China Changing Fashion Forum panel. Illustration by Sue Dray
16 December 2016
by Debbie Leane
As part of the Southbank Centre's China Changing festival, we hosted a fashion forum posing the question 'what is a contemporary Chinese fashion aesthetic?' to a panel of experts based in China and the diaspora.
Chaired by fashion writer and editor, Susie Lau (a.k.a Susie Bubble) the panel comprised of contemporary fashion artist and designer Rui Xu, womenswear designer Xuzhi Chen of the label Xu Zhi, and Chairman of the China Fashion Association, Qinghui Zhang.
The speakers debated whether contemporary Chinese fashion has an established aesthetic, with Susie starting the conversation by referencing editor-in-chief of Vogue China, Angelica Cheung, who once reminded her that the modern Chinese fashion industry really only began twenty years ago and that European, or Western fashion as we know it, had a hundred years' head start. Chairman Zhang discussed how the fashion industry in China has developed rapidly over the last twenty years, including in education, noting that before 1983, fashion wasn't something that one could study. The internet and globalisation were discussed as influences that create a global fashion aesthetic rather than a Chinese or Western fashion aesthetic. The parallel influence on fashion weeks, seasonal collections, online sales and fashion superstars was also noted.

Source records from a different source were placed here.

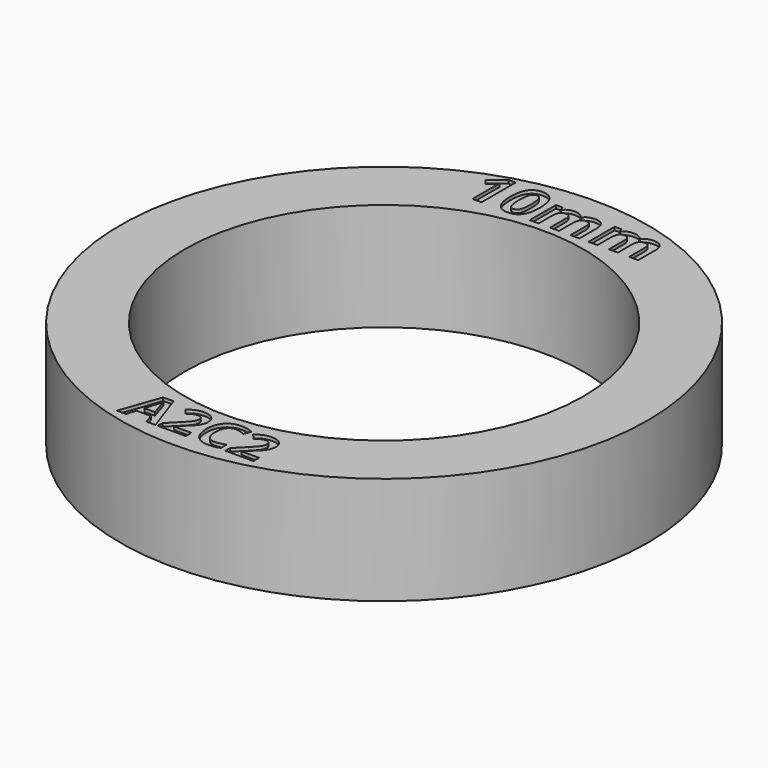
from build123d import *

# Parameters (mm, degrees)
F0_R           = 24.5
F0_R_2         = 18.5
F0_TEXT_SIZE   = 5.1974965673
F0_TEXT_SIZE_2 = 5.5555555556
F1_DEPTH       = 10
F2_DEPTH       = 0.3


# Not quite as in the source:
# - Text() gives the source's letters only with a copy of the font that has no kerning and outlines rounded to 1/6400 em; it was checked with that copy


with BuildPart() as f1:
    # F0 (on Top) → F1 (new body)
    with BuildSketch(Plane.XY):
        Circle(F0_R)
        Polygon((-2.9154707307, -22.8730905801), (-3.7633123583, -22.8730905801), (-4.0321203839, -21.9895161637), (-5.3850937091, -21.9895161637), (-5.6539017347, -22.8730905801), (-6.5017433622, -22.8730905801), (-5.1918118055, -19.1471352284), (-4.2302749405, -19.1471352284), align=None, mode=Mode.SUBTRACT)
        with BuildLine():
            Line((-0.1136952374, -22.2128460943), (-0.1136952374, -22.8730905801))
            Line((-0.1136952374, -22.8730905801), (-2.707570868, -22.8730905801))
            Line((-2.707570868, -22.8730905801), (-2.707570868, -22.3273534405))
            Line((-2.707570868, -22.3273534405), (-1.7760820301, -21.3861192965))
            add(Edge.make_bspline(
                [(-1.7760820301, -21.3861192965), (-1.3619065224, -20.9621984828), (-1.2352175436, -20.7985585518)],
                knots=[0, 0, 0, 1, 1, 1], degree=2))
            add(Edge.make_bspline(
                [(-1.2352175436, -20.7985585518), (-1.1085285648, -20.6349186208), (-1.0524930549, -20.4952359005)],
                knots=[0, 0, 0, 1, 1, 1], degree=2))
            add(Edge.make_bspline(
                [(-1.0524930549, -20.4952359005), (-0.996457545, -20.3555531803), (-0.996457545, -20.206125154)],
                knots=[0, 0, 0, 1, 1, 1], degree=2))
            add(Edge.make_bspline(
                [(-0.996457545, -20.206125154), (-0.996457545, -19.9827952234), (-1.1198980885, -19.8735665846)],
                knots=[0, 0, 0, 1, 1, 1], degree=2))
            add(Edge.make_bspline(
                [(-1.1198980885, -19.8735665846), (-1.243338632, -19.7643379458), (-1.4488021681, -19.7643379458)],
                knots=[0, 0, 0, 1, 1, 1], degree=2))
            add(Edge.make_bspline(
                [(-1.4488021681, -19.7643379458), (-1.6640110104, -19.7643379458), (-1.86703822, -19.8634152241)],
                knots=[0, 0, 0, 1, 1, 1], degree=2))
            add(Edge.make_bspline(
                [(-1.86703822, -19.8634152241), (-2.0700654297, -19.9624925024), (-2.2909590338, -20.1452169911)],
                knots=[0, 0, 0, 1, 1, 1], degree=2))
            Line((-2.2909590338, -20.1452169911), (-2.7173161741, -19.6400852935))
            add(Edge.make_bspline(
                [(-2.7173161741, -19.6400852935), (-2.4436354955, -19.4061979479), (-2.2633473333, -19.3099630505)],
                knots=[0, 0, 0, 1, 1, 1], degree=2))
            add(Edge.make_bspline(
                [(-2.2633473333, -19.3099630505), (-2.0830591711, -19.2137281532), (-1.869880601, -19.1617531875)],
                knots=[0, 0, 0, 1, 1, 1], degree=2))
            add(Edge.make_bspline(
                [(-1.869880601, -19.1617531875), (-1.6567020308, -19.1097782218), (-1.3927666583, -19.1097782218)],
                knots=[0, 0, 0, 1, 1, 1], degree=2))
            add(Edge.make_bspline(
                [(-1.3927666583, -19.1097782218), (-1.0451840753, -19.1097782218), (-0.7788123763, -19.2364672006)],
                knots=[0, 0, 0, 1, 1, 1], degree=2))
            add(Edge.make_bspline(
                [(-0.7788123763, -19.2364672006), (-0.5124406772, -19.3631561795), (-0.365042923, -19.5917648176)],
                knots=[0, 0, 0, 1, 1, 1], degree=2))
            add(Edge.make_bspline(
                [(-0.365042923, -19.5917648176), (-0.2176451688, -19.8203734556), (-0.2176451688, -20.1143568552)],
                knots=[0, 0, 0, 1, 1, 1], degree=2))
            add(Edge.make_bspline(
                [(-0.2176451688, -20.1143568552), (-0.2176451688, -20.3709832482), (-0.3077892498, -20.5955313421)],
                knots=[0, 0, 0, 1, 1, 1], degree=2))
            add(Edge.make_bspline(
                [(-0.3077892498, -20.5955313421), (-0.3979333309, -20.820079436), (-0.5871546903, -21.0559970536)],
                knots=[0, 0, 0, 1, 1, 1], degree=2))
            add(Edge.make_bspline(
                [(-0.5871546903, -21.0559970536), (-0.7763760497, -21.2919146713), (-1.253083938, -21.7288292265)],
                knots=[0, 0, 0, 1, 1, 1], degree=2))
            Line((-1.253083938, -21.7288292265), (-1.7306039352, -22.1779254142))
            Line((-1.7306039352, -22.1779254142), (-1.7306039352, -22.2128460943))
            Line((-1.7306039352, -22.2128460943), (-0.1136952374, -22.2128460943))
        make_face(mode=Mode.SUBTRACT)
        Circle(F0_R_2, mode=Mode.SUBTRACT)
        with BuildLine():
            add(Edge.make_bspline(
                [(2.5077920937, -19.8378337957), (2.2974559045, -19.7643379458), (2.0944286949, -19.7643379458)],
                knots=[0, 0, 0, 1, 1, 1], degree=2))
            add(Edge.make_bspline(
                [(2.0944286949, -19.7643379458), (1.6502051601, -19.7643379458), (1.4065725085, -20.0981146785)],
                knots=[0, 0, 0, 1, 1, 1], degree=2))
            add(Edge.make_bspline(
                [(1.4065725085, -20.0981146785), (1.1629398569, -20.4318914111), (1.1629398569, -21.0279792987)],
                knots=[0, 0, 0, 1, 1, 1], degree=2))
            add(Edge.make_bspline(
                [(1.1629398569, -21.0279792987), (1.1629398569, -22.2688816042), (2.0944286949, -22.2688816042)],
                knots=[0, 0, 0, 1, 1, 1], degree=2))
            add(Edge.make_bspline(
                [(2.0944286949, -22.2688816042), (2.4850530463, -22.2688816042), (3.0405354919, -22.0739754829)],
                knots=[0, 0, 0, 1, 1, 1], degree=2))
            Line((3.0405354919, -22.0739754829), (3.0405354919, -22.7334078599))
            add(Edge.make_bspline(
                [(3.0405354919, -22.7334078599), (2.5841303246, -22.9242534369), (2.0205267906, -22.9242534369)],
                knots=[0, 0, 0, 1, 1, 1], degree=2))
            add(Edge.make_bspline(
                [(2.0205267906, -22.9242534369), (1.2108542784, -22.9242534369), (0.7820608116, -22.4329275896)],
                knots=[0, 0, 0, 1, 1, 1], degree=2))
            add(Edge.make_bspline(
                [(0.7820608116, -22.4329275896), (0.3532673448, -21.9416017422), (0.3532673448, -21.0231066457)],
                knots=[0, 0, 0, 1, 1, 1], degree=2))
            add(Edge.make_bspline(
                [(0.3532673448, -21.0231066457), (0.3532673448, -20.4440730437), (0.5640095884, -20.0087827062)],
                knots=[0, 0, 0, 1, 1, 1], degree=2))
            add(Edge.make_bspline(
                [(0.5640095884, -20.0087827062), (0.7747518321, -19.5734923687), (1.1694367277, -19.3416352953)],
                knots=[0, 0, 0, 1, 1, 1], degree=2))
            add(Edge.make_bspline(
                [(1.1694367277, -19.3416352953), (1.5641216232, -19.1097782218), (2.0944286949, -19.1097782218)],
                knots=[0, 0, 0, 1, 1, 1], degree=2))
            add(Edge.make_bspline(
                [(2.0944286949, -19.1097782218), (2.6344810726, -19.1097782218), (3.1802182121, -19.370465159)],
                knots=[0, 0, 0, 1, 1, 1], degree=2))
            Line((3.1802182121, -19.370465159), (2.9268402545, -20.0104069239))
            add(Edge.make_bspline(
                [(2.9268402545, -20.0104069239), (2.7181282829, -19.9113296456), (2.5077920937, -19.8378337957)],
                knots=[0, 0, 0, 1, 1, 1], degree=2))
        make_face(mode=Mode.SUBTRACT)
        with BuildLine():
            Line((6.1647181942, -22.2128460943), (6.1647181942, -22.8730905801))
            Line((6.1647181942, -22.8730905801), (3.5708425635, -22.8730905801))
            Line((3.5708425635, -22.8730905801), (3.5708425635, -22.3273534405))
            Line((3.5708425635, -22.3273534405), (4.5023314015, -21.3861192965))
            add(Edge.make_bspline(
                [(4.5023314015, -21.3861192965), (4.9165069092, -20.9621984828), (5.043195888, -20.7985585518)],
                knots=[0, 0, 0, 1, 1, 1], degree=2))
            add(Edge.make_bspline(
                [(5.043195888, -20.7985585518), (5.1698848668, -20.6349186208), (5.2259203767, -20.4952359005)],
                knots=[0, 0, 0, 1, 1, 1], degree=2))
            add(Edge.make_bspline(
                [(5.2259203767, -20.4952359005), (5.2819558866, -20.3555531803), (5.2819558866, -20.206125154)],
                knots=[0, 0, 0, 1, 1, 1], degree=2))
            add(Edge.make_bspline(
                [(5.2819558866, -20.206125154), (5.2819558866, -19.9827952234), (5.1585153431, -19.8735665846)],
                knots=[0, 0, 0, 1, 1, 1], degree=2))
            add(Edge.make_bspline(
                [(5.1585153431, -19.8735665846), (5.0350747996, -19.7643379458), (4.8296112634, -19.7643379458)],
                knots=[0, 0, 0, 1, 1, 1], degree=2))
            add(Edge.make_bspline(
                [(4.8296112634, -19.7643379458), (4.6144024212, -19.7643379458), (4.4113752115, -19.8634152241)],
                knots=[0, 0, 0, 1, 1, 1], degree=2))
            add(Edge.make_bspline(
                [(4.4113752115, -19.8634152241), (4.2083480019, -19.9624925024), (3.9874543978, -20.1452169911)],
                knots=[0, 0, 0, 1, 1, 1], degree=2))
            Line((3.9874543978, -20.1452169911), (3.5610972575, -19.6400852935))
            add(Edge.make_bspline(
                [(3.5610972575, -19.6400852935), (3.8347779361, -19.4061979479), (4.0150660983, -19.3099630505)],
                knots=[0, 0, 0, 1, 1, 1], degree=2))
            add(Edge.make_bspline(
                [(4.0150660983, -19.3099630505), (4.1953542604, -19.2137281532), (4.4085328306, -19.1617531875)],
                knots=[0, 0, 0, 1, 1, 1], degree=2))
            add(Edge.make_bspline(
                [(4.4085328306, -19.1617531875), (4.6217114007, -19.1097782218), (4.8856467733, -19.1097782218)],
                knots=[0, 0, 0, 1, 1, 1], degree=2))
            add(Edge.make_bspline(
                [(4.8856467733, -19.1097782218), (5.2332293562, -19.1097782218), (5.4996010553, -19.2364672006)],
                knots=[0, 0, 0, 1, 1, 1], degree=2))
            add(Edge.make_bspline(
                [(5.4996010553, -19.2364672006), (5.7659727544, -19.3631561795), (5.9133705086, -19.5917648176)],
                knots=[0, 0, 0, 1, 1, 1], degree=2))
            add(Edge.make_bspline(
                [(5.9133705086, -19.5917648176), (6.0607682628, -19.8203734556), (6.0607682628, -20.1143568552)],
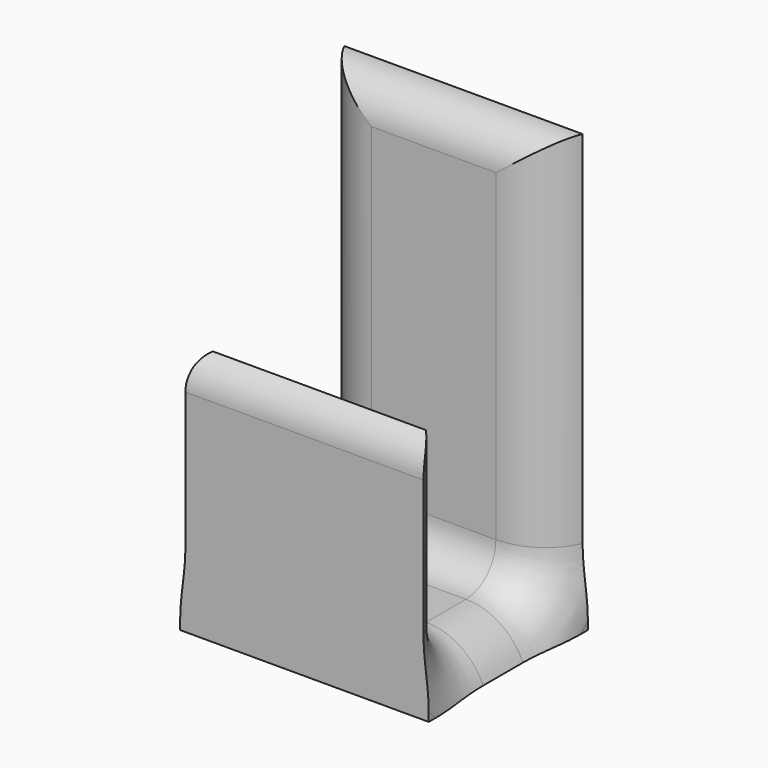
from build123d import *

# Parameters (mm, degrees)
F1_DEPTH     = 20
F2_T1_DEPTH  = 20
F2_T3_DEPTH  = 35
F3_T1_DEPTH  = 4
F3_T3_DEPTH  = 23.5
F3_T5_DEPTH  = 38.5
F3_T8_ANGLE  = 89.9999999987
F3_T10_ANGLE = 89.9999999987
F3_T12_ANGLE = 89.9999999987
F3_T14_ANGLE = 89.9999999987
F3_T18_ANGLE = 359.64
F3_S19_R     = 5
F3_T20_DEPTH = 6
F3_T24_ANGLE = 359.64
F3_S25_R     = 5
F3_T26_DEPTH = 6
F3_T30_ANGLE = 328.8283154119
F3_S31_R     = 5
F3_T32_DEPTH = 6
F3_T36_ANGLE = 328.8283154119
F3_S37_R     = 5
F3_T38_DEPTH = 6


# Not quite as in the source:
# - a fillet or chamfer that OpenCascade refuses, or shapes differently, is made with other operations: its cross-section is extruded or revolved along the edge and cut away or added


with BuildPart() as f1:
    # F0 (on Right) → F1 (new body)
    with BuildSketch(Plane.YZ):
        Polygon((0, -10.05617938), (0, 24.94382062), (-3, 24.94382062), (-3, -7.05617938), (-13, -7.05617938), (-13, 9.94382062), (-16, 9.94382062), (-16, -10.05617938), align=None)
    extrude(amount=F1_DEPTH)

    # F2: fillet of radius 3 on 5 edges, made by hand

    # F2_s2 → F2_t1 (join)
    with BuildSketch(Plane.YZ):
        with BuildLine():
            ThreePointArc((-10, -7.05617938), (-12.1213203436, -6.1774997235), (-13, -4.05617938))
            Line((-13, -4.05617938), (-13, -7.05617938))
            Line((-13, -7.05617938), (-10, -7.05617938))
        make_face()
        with BuildLine():
            ThreePointArc((-3, -4.05617938), (-3.8786796564, -6.1774997235), (-6, -7.05617938))
            Line((-6, -7.05617938), (-3, -7.05617938))
            Line((-3, -7.05617938), (-3, -4.05617938))
        make_face()
    extrude(amount=F2_T1_DEPTH)

    # F2_s4 → F2_t3 (cut)
    with BuildSketch(Plane.YZ.offset(-7.5)):
        with BuildLine():
            ThreePointArc((0, 24.94382062), (-2.1213203436, 24.0651409636), (-3, 21.94382062))
            Line((-3, 21.94382062), (-3, 24.94382062))
            Line((-3, 24.94382062), (0, 24.94382062))
        make_face()
        with BuildLine():
            ThreePointArc((-13, 6.94382062), (-13.8786796564, 9.0651409636), (-16, 9.94382062))
            Line((-16, 9.94382062), (-13, 9.94382062))
            Line((-13, 9.94382062), (-13, 6.94382062))
        make_face()
        with BuildLine():
            ThreePointArc((-16, 6.94382062), (-15.1213203436, 9.0651409636), (-13, 9.94382062))
            Line((-13, 9.94382062), (-16, 9.94382062))
            Line((-16, 9.94382062), (-16, 6.94382062))
        make_face()
    extrude(amount=F2_T3_DEPTH, mode=Mode.SUBTRACT)

    # F3: fillet of radius 5 on 4 edges, made by hand

    # F3_s2 → F3_t1 (cut)
    with BuildSketch(Plane.XZ.offset(6)):
        with BuildLine():
            ThreePointArc((20, -12.05617938), (18.5355339059, -8.520645474), (15, -7.05617938))
            Line((15, -7.05617938), (20, -7.05617938))
            Line((20, -7.05617938), (20, -12.05617938))
        make_face()
        with BuildLine():
            ThreePointArc((0, -12.05617938), (1.4644660941, -8.520645474), (5, -7.05617938))
            Line((5, -7.05617938), (0, -7.05617938))
            Line((0, -7.05617938), (0, -12.05617938))
        make_face()
    extrude(amount=F3_T1_DEPTH, mode=Mode.SUBTRACT)

    # F3_s4 → F3_t3 (cut)
    with BuildSketch(Plane.XY.offset(-4.05617938)):
        with BuildLine():
            ThreePointArc((20, -18), (18.5355339059, -14.4644660941), (15, -13))
            Line((15, -13), (20, -13))
            Line((20, -13), (20, -18))
        make_face()
        with BuildLine():
            ThreePointArc((0, -18), (1.4644660941, -14.4644660941), (5, -13))
            Line((5, -13), (0, -13))
            Line((0, -13), (0, -18))
        make_face()
    extrude(amount=F3_T3_DEPTH, mode=Mode.SUBTRACT)

    # F3_s6 → F3_t5 (cut)
    with BuildSketch(Plane.XY.offset(-4.05617938)):
        with BuildLine():
            ThreePointArc((20, 2), (18.5355339059, -1.5355339059), (15, -3))
            Line((15, -3), (20, -3))
            Line((20, -3), (20, 2))
        make_face()
        with BuildLine():
            ThreePointArc((0, 2), (1.4644660941, -1.5355339059), (5, -3))
            Line((5, -3), (0, -3))
            Line((0, -3), (0, 2))
        make_face()
    extrude(amount=F3_T5_DEPTH, mode=Mode.SUBTRACT)

    # F3_s7 → F3_t8 (revolve, cut)
    with BuildSketch(Plane.XY.offset(-4.05617938)):
        with BuildLine():
            ThreePointArc((0, 2), (1.4644660941, -1.5355339059), (5, -3))
            Line((5, -3), (0, -3))
            Line((0, -3), (0, 2))
        make_face()
    revolve(axis=Axis((0, -6, -4.05617938), (-1, 0, 0)), revolution_arc=F3_T8_ANGLE, mode=Mode.SUBTRACT)

    # F3_s9 → F3_t10 (revolve, cut)
    with BuildSketch(Plane.XY.offset(-4.05617938)):
        with BuildLine():
            ThreePointArc((20, 2), (18.5355339059, -1.5355339059), (15, -3))
            Line((15, -3), (20, -3))
            Line((20, -3), (20, 2))
        make_face()
    revolve(axis=Axis((20, -6, -4.05617938), (-1, 0, 0)), revolution_arc=F3_T10_ANGLE, mode=Mode.SUBTRACT)

    # F3_s11 → F3_t12 (revolve, cut)
    with BuildSketch(Plane.XZ.offset(10)):
        with BuildLine():
            ThreePointArc((0, -12.05617938), (1.4644660941, -8.5206454741), (5, -7.05617938))
            Line((5, -7.05617938), (0, -7.05617938))
            Line((0, -7.05617938), (0, -12.05617938))
        make_face()
    revolve(axis=Axis((0, -10, -4.05617938), (-1, 0, 0)), revolution_arc=F3_T12_ANGLE, mode=Mode.SUBTRACT)

    # F3_s13 → F3_t14 (revolve, cut)
    with BuildSketch(Plane.XZ.offset(10)):
        with BuildLine():
            ThreePointArc((20, -12.05617938), (18.5355339059, -8.5206454741), (15, -7.05617938))
            Line((15, -7.05617938), (20, -7.05617938))
            Line((20, -7.05617938), (20, -12.05617938))
        make_face()
    revolve(axis=Axis((20, -10, -4.05617938), (-1, 0, 0)), revolution_arc=F3_T14_ANGLE, mode=Mode.SUBTRACT)


with BuildPart() as f3_tool16:
    # F3_s17 → F3_t18 (revolve)
    with BuildSketch(Plane(origin=(0, 0.0429965174, 6.8430181729), x_dir=(1, 0, 0), z_dir=(0, 0.006283144, 0.9999802609))):
        with BuildLine():
            ThreePointArc((19.5825756949, -16.0433131985), (17.7386127875, -13.8600130659), (15, -13.0433131986))
            Line((15, -13.0433131986), (20, -13.0433131986))
            Line((20, -13.0433131986), (20, -16.0433131985))
            Line((20, -16.0433131985), (19.5825756949, -16.0433131985))
        make_face()
    revolve(axis=Axis((20, -15.9999999999, 6.9438206201), (-1, 0, 0)), revolution_arc=F3_T18_ANGLE)

    # F3_s19 → F3_t20 (cut, symmetric)
    with BuildSketch(Plane.XY.offset(6.9)):
        with Locations((15, -18)):
            Circle(F3_S19_R)
    extrude(amount=F3_T20_DEPTH, both=True, mode=Mode.SUBTRACT)


with BuildPart() as f1_1:
    add(f1.part)

    # F3_t15: cut F3_tool16
    add(f3_tool16.part, mode=Mode.SUBTRACT)


with BuildPart() as f3_tool22:
    # F3_s23 → F3_t24 (revolve)
    with BuildSketch(Plane(origin=(0, 0.0429965174, 6.8430181729), x_dir=(1, 0, 0), z_dir=(0, 0.006283144, 0.9999802609))):
        with BuildLine():
            ThreePointArc((0.4174243051, -16.0433131985), (2.2613872125, -13.8600130659), (5, -13.0433131986))
            Line((5, -13.0433131986), (0, -13.0433131986))
            Line((0, -13.0433131986), (0, -16.0433131985))
            Line((0, -16.0433131985), (0.4174243051, -16.0433131985))
        make_face()
    revolve(axis=Axis((0, -15.9999999999, 6.9438206201), (-1, 0, 0)), revolution_arc=F3_T24_ANGLE)

    # F3_s25 → F3_t26 (cut, symmetric)
    with BuildSketch(Plane.XY.offset(6.9)):
        with Locations((5, -18)):
            Circle(F3_S25_R)
    extrude(amount=F3_T26_DEPTH, both=True, mode=Mode.SUBTRACT)


with BuildPart() as f1_2:
    add(f1_1.part)

    # F3_t21: cut F3_tool22
    add(f3_tool22.part, mode=Mode.SUBTRACT)


with BuildPart() as f3_tool28:
    # F3_s29 → F3_t30 (revolve)
    with BuildSketch(Plane.XY.offset(21.9438206201)):
        with BuildLine():
            ThreePointArc((15, -3), (17.7386127875, -2.1833001327), (19.5825756949, -1e-10))
            Line((19.5825756949, -1e-10), (20, -1e-10))
            Line((20, -1e-10), (20, -3))
            Line((20, -3), (15, -3))
        make_face()
    revolve(axis=Axis((20, -1e-10, 21.9438206201), (-1, 0, 0)), revolution_arc=F3_T30_ANGLE)

    # F3_s31 → F3_t32 (cut, symmetric)
    with BuildSketch(Plane.XY.offset(21.9)):
        with Locations((15, 2)):
            Circle(F3_S31_R)
    extrude(amount=F3_T32_DEPTH, both=True, mode=Mode.SUBTRACT)


with BuildPart() as f1_3:
    add(f1_2.part)

    # F3_t27: cut F3_tool28
    add(f3_tool28.part, mode=Mode.SUBTRACT)


with BuildPart() as f3_tool34:
    # F3_s35 → F3_t36 (revolve)
    with BuildSketch(Plane.XY.offset(21.9438206201)):
        with BuildLine():
            ThreePointArc((5, -3), (2.2613872125, -2.1833001327), (0.4174243051, -1e-10))
            Line((0.4174243051, -1e-10), (0, -1e-10))
            Line((0, -1e-10), (0, -3))
            Line((0, -3), (5, -3))
        make_face()
    revolve(axis=Axis((0, -1e-10, 21.9438206201), (-1, 0, 0)), revolution_arc=F3_T36_ANGLE)

    # F3_s37 → F3_t38 (cut, symmetric)
    with BuildSketch(Plane.XY.offset(21.9)):
        with Locations((5, 2)):
            Circle(F3_S37_R)
    extrude(amount=F3_T38_DEPTH, both=True, mode=Mode.SUBTRACT)


with BuildPart() as f1_4:
    add(f1_3.part)

    # F3_t33: cut F3_tool34
    add(f3_tool34.part, mode=Mode.SUBTRACT)


solid = f1_4.part

Designers Rui and Xu Zhi discussed their very different practices, sharing their creative and philosophical influences, and target markets. Designers were asked whether they identified themselves as Chinese designers, which sparked discussion on cultural heritage, Rui also talked about her time studying in London at the Royal College of Art. Susie commented that both designers are part of a wave of Chinese designers who chose to study or show their collections in London or Paris, it is only recently that Chinese designers have started showing on-schedule. Xu Zhi was recently nominated for the LVMH prize and discussed his hopes that a Chinese designer will win the award in the future.
The panel all shared their thoughts on the similarities with the wave of Japanese designers in the early 1980s who had a global impact, including the likes of Yohji Yamamoto and Issey Miyake - a comparison that has been frequently encountered by the panel. Other common comparisons were noted, such as whether China Fashion Week could be the next Paris Fashion Week, whether a Chinese brand could be as well-known as Chanel? Susie posed the question whether these comparisons or goals are healthy, to which Chairman Zhang responded that it was natural to compare but in reality it is much more unpredictable due to the changing global landscape, noting that 'change is the only certainty'.
The China Changing Fashion Forum was supported by the Foreign & Commonwealth Office’s China Prosperity Fund 2016/17 as part of a wider project on Fashion Skills in China.
The Southbank Centre's China Changing festival is a cultural platform for the exploration and celebration of modern China and its creative connections with the UK that will showcase the most interesting artistic work and contemporary thought from across China.